“The wretch!” exclaimed Madam Conway, stamping her foot in her wrath, and thinking only of Henry Warner; “I’ll turn him from my door instantly. My blue satin bodice, indeed!”
“’Twas I, grandma—’twas I,” interrupted Maggie, looking reproachfully at Theo. “’Twas I who cut up the bodice. I who brought down the scarlet coat.”
“And I didn’t do a thing but look on,” said Theo. “I knew you’d be angry, and I tried to make Maggie behave, but she wouldn’t.”
“I don’t know as it is anything to you what Maggie does, and I think it would look quite as well in you to take part of the blame yourself, instead of putting it all upon your sister,” was Madam Conway’s reply; and, feeling almost as deeply injured as Mrs. Jeffrey herself, Theo began to cry, while Maggie, with a few masterly strokes, succeeded in so far appeasing the anger of her grandmother that the good lady consented for the young gentlemen to stay to breakfast, saying, though, that “they should decamp immediately after, and never darken her doors again.”
“But Mr. Douglas is rich,” sobbed Theo from behind her pocket handkerchief—“immensely rich, and of a very aristocratic family, I’m sure, else where did he get his money?”

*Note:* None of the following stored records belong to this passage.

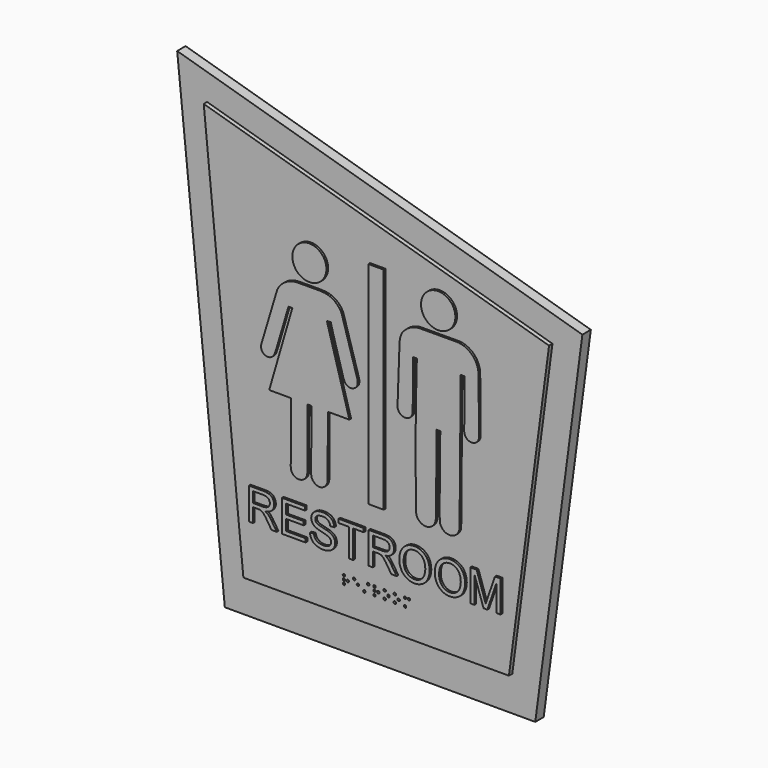
from build123d import *

# Parameters (mm, degrees)
F0_W     = 9.2540582
F0_H     = 127.1287526
F1_DEPTH = 6.35
F2_DEPTH = 8.89
F3_DEPTH = 10.16


with BuildPart() as f1:
    # F0 (on Front) → F1 (new body)
    with BuildSketch(Plane.XZ):
        Polygon((-261.8272132, -119.0471076), (-75.0463066, -119.023765), (-46.7040722, 95.3238632), (-290.4869222, 166.2895582), align=None)
        Polygon((-64.7140184, 84.666709), (-88.8685548, -98.010091), (-248.6300082, -97.9993468), (-272.4768744, 145.1469284), align=None, mode=Mode.SUBTRACT)
        Polygon((-248.6300082, -97.9993468), (-88.8685548, -98.010091), (-64.7140184, 84.666709), (-272.4768744, 145.1469284), align=None)
        Polygon((-231.562021, -85.1669112), (-232.4618668, -85.2533474), (-233.262297, -85.183345), (-234.0384194, -84.9753698), (-234.7665866, -84.6357464), (-235.2679064, -84.3007204), (-235.7212456, -83.9032104), (-236.296454, -83.205828), (-236.7232248, -82.4089284), (-236.9849464, -81.543652), (-237.0713318, -80.6438062), (-237.0013802, -79.843376), (-236.793405, -79.0672536), (-236.4537816, -78.3390864), (-236.1187556, -77.8377666), (-235.7212456, -77.3844274), (-235.0238632, -76.809219), (-234.2269636, -76.3824482), (-233.3617126, -76.1207266), (-232.4618414, -76.0343412), (-231.6614112, -76.1042928), (-230.8852888, -76.312268), (-230.1571216, -76.6518914), (-229.6558018, -76.9869174), (-229.2024626, -77.3844274), (-228.6272542, -78.0818098), (-228.2004834, -78.8787094), (-227.9387618, -79.7439604), (-227.8523764, -80.6438062), (-227.922328, -81.4442618), (-228.1303032, -82.2203842), (-228.4699266, -82.9485514), (-228.8049526, -83.4498712), (-229.2024626, -83.9032104), (-229.899845, -84.4783934), (-230.6967446, -84.9051896), align=None, mode=Mode.SUBTRACT)
        Polygon((-241.7956048, -66.4148024), (-244.3165548, -66.4148024), (-244.3165548, -47.3648024), (-235.8700896, -47.3648024), (-234.562269, -47.3849192), (-233.2656244, -47.5567756), (-231.9977072, -47.878111), (-231.3609038, -48.190658), (-230.7852128, -48.6051606), (-230.2867632, -49.1099348), (-229.8796012, -49.6908328), (-229.4376158, -50.5930408), (-229.1703062, -51.5614666), (-229.0869434, -52.562633), (-229.15499, -53.4977594), (-229.4038592, -54.40172), (-229.824026, -55.2398946), (-230.3993868, -55.980203), (-230.9028656, -56.4335422), (-231.4628848, -56.8148724), (-232.0691828, -57.1172086), (-233.2398942, -57.5138804), (-234.453684, -57.7474588), (-233.5732946, -58.2250042), (-232.9333162, -58.6960472), (-232.3759894, -59.2476336), (-231.8580326, -59.8363294), (-230.8411944, -61.230002), (-227.5275866, -66.4148024), (-230.6982686, -66.4148024), (-233.2191932, -62.451488), (-234.0998112, -61.1189278), (-235.0384428, -59.8265758), (-235.6278498, -59.1390232), (-236.3183996, -58.5531214), (-236.8722212, -58.2516234), (-237.46841, -58.0463406), (-238.033687, -57.9781162), (-238.8718362, -57.9553578), (-241.7956048, -57.9553578), align=None, mode=Mode.SUBTRACT)
        Polygon((-210.1445378, -66.4148024), (-224.3605876, -66.4148024), (-224.3605876, -47.3648024), (-210.5863708, -47.3648024), (-210.5863708, -49.6128802), (-221.8396376, -49.6128802), (-221.8396376, -55.4474126), (-211.301076, -55.4474126), (-211.301076, -57.6824856), (-221.8396376, -57.6824856), (-221.8396376, -64.16675), (-210.1445378, -64.16675), align=None, mode=Mode.SUBTRACT)
        Polygon((-207.519651, -60.294393), (-205.1416522, -60.0864686), (-205.0051526, -60.9067362), (-204.740891, -61.6951522), (-204.3554714, -62.4319808), (-203.8152642, -63.0453654), (-203.1685294, -63.545212), (-202.4387874, -63.9133596), (-201.7601248, -64.163321), (-201.0581196, -64.337311), (-200.2899474, -64.4448546), (-199.5150188, -64.4786366), (-198.6505044, -64.4412478), (-197.7971914, -64.2975854), (-196.9680846, -64.0498084), (-196.2710324, -63.7506218), (-195.6707034, -63.2869956), (-195.2049944, -62.6882414), (-194.9033948, -61.9922306), (-194.7850054, -61.2429814), (-194.8377104, -60.6860356), (-195.013961, -60.155074), (-195.304791, -59.6771476), (-195.6236626, -59.3408262), (-195.9934866, -59.0615278), (-196.4930792, -58.7796894), (-197.020053, -58.5531214), (-198.7036666, -58.0440546), (-200.4116388, -57.6240148), (-202.6434606, -57.0116462), (-203.3784096, -56.7537092), (-204.0891016, -56.4350154), (-204.7773654, -56.0434998), (-205.3908516, -55.5428912), (-205.9124406, -54.9471088), (-206.3275782, -54.2728404), (-206.6246566, -53.5388566), (-206.7514788, -52.9200872), (-206.7919664, -52.2897354), (-206.6989262, -51.3427472), (-206.422498, -50.4322334), (-205.973299, -49.593373), (-205.4925786, -48.9849922), (-204.9246854, -48.4570532), (-204.282929, -48.021875), (-203.5822954, -47.6896684), (-202.7649996, -47.4027246), (-201.922253, -47.2023948), (-201.0082594, -47.0789254), (-200.0867728, -47.0399618), (-198.8147408, -47.099982), (-197.5620128, -47.3287598), (-196.3508392, -47.722155), (-195.6218084, -48.0769676), (-194.954271, -48.5371648), (-194.36334, -49.0923072), (-193.8624012, -49.7298218), (-193.4781754, -50.412904), (-193.193162, -51.1429762), (-193.0074118, -51.9284458), (-192.9267922, -52.7315684), (-195.3437546, -52.9134832), (-195.4605692, -52.1453872), (-195.7272946, -51.4156706), (-196.1333898, -50.7533402), (-196.6627004, -50.1846342), (-197.3224146, -49.7655596), (-198.0547474, -49.492662), (-199.0110066, -49.3123474), (-199.9828106, -49.26203), (-200.9776016, -49.3065308), (-201.9596164, -49.4715546), (-202.6716038, -49.7128546), (-203.3159256, -50.1001538), (-203.756895, -50.5209302), (-204.1004554, -51.024409), (-204.2979404, -51.5566914), (-204.3619738, -52.1208254), (-204.3183112, -52.5982946), (-204.1768078, -53.0564344), (-203.9399274, -53.4633932), (-203.6212844, -53.8101032), (-202.9946918, -54.2051748), (-202.3072154, -54.4809426), (-201.0737914, -54.8606726), (-199.8203776, -55.168038), (-197.229603, -55.8193956), (-196.406897, -56.0731416), (-195.6036474, -56.3830216), (-194.670426, -56.8762642), (-193.8425384, -57.531127), (-193.147696, -58.3257152), (-192.8012654, -58.9352898), (-192.5531836, -59.591067), (-192.40246, -60.3059754), (-192.3550128, -61.0350824), (-192.4555206, -62.0411256), (-192.7494494, -63.0084846), (-193.2256486, -63.9003802), (-193.7307276, -64.5538968), (-194.324478, -65.1280638), (-194.9945808, -65.6109178), (-195.7271168, -65.992502), (-196.577585, -66.3224734), (-197.4602604, -66.5528768), (-198.4244698, -66.6950152), (-199.3980518, -66.7396684), (-200.8721662, -66.6843726), (-202.3255034, -66.4316172), (-203.731749, -65.9859996), (-204.5367258, -65.5792186), (-205.2725638, -65.057655), (-205.9229562, -64.4327896), (-206.4736028, -63.71844), (-206.9106352, -62.9391426), (-207.2321484, -62.1054892), (-207.4371772, -61.209682), align=None, mode=Mode.SUBTRACT)
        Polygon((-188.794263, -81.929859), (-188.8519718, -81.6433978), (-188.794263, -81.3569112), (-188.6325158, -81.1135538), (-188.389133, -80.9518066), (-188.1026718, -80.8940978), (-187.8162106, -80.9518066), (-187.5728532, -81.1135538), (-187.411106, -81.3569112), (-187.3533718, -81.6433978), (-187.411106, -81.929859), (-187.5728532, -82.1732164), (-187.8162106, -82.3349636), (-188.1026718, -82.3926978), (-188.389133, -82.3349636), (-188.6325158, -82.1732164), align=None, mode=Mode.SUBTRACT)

This remark was timely, and when fifteen minutes later Madam Conway was presented to the gentlemen in the hall her manner was far more gracious towards George Douglas than it was towards Henry Warner, to whom she merely nodded, deigning no answer whatever to his polite apology for having made himself so much at home in her house. The expression of his mouth was as usual against him, and, fancying he intended adding insult to injury by laughing in her face, she coolly turned her back upon him ere he had finished speaking, and walked downstairs, leaving him to wind up his speech with “an old she-dragon”!
By this time both the sun and the servants had arisen, the former shining into the disorderly dining room, and disclosing to the latter the weary, jaded Anna, who, while Madam Conway was exploring the house, had thrown herself upon the lounge and had fallen asleep.
“Who is she, and where did she come from?” was anxiously inquired, and they were about going in quest of Margaret when their mistress appeared suddenly in their midst, and their noisy demonstrations of joyful surprise awoke the sleeping girl, who, rubbing her red eyelids, asked for her aunt, and why she did not come to meet her.
“She has been a little excited, and forgot you, perhaps,” answered Madam Conway, at the same time bidding one of the servants to show the young lady to Mrs. Jeffrey’s room.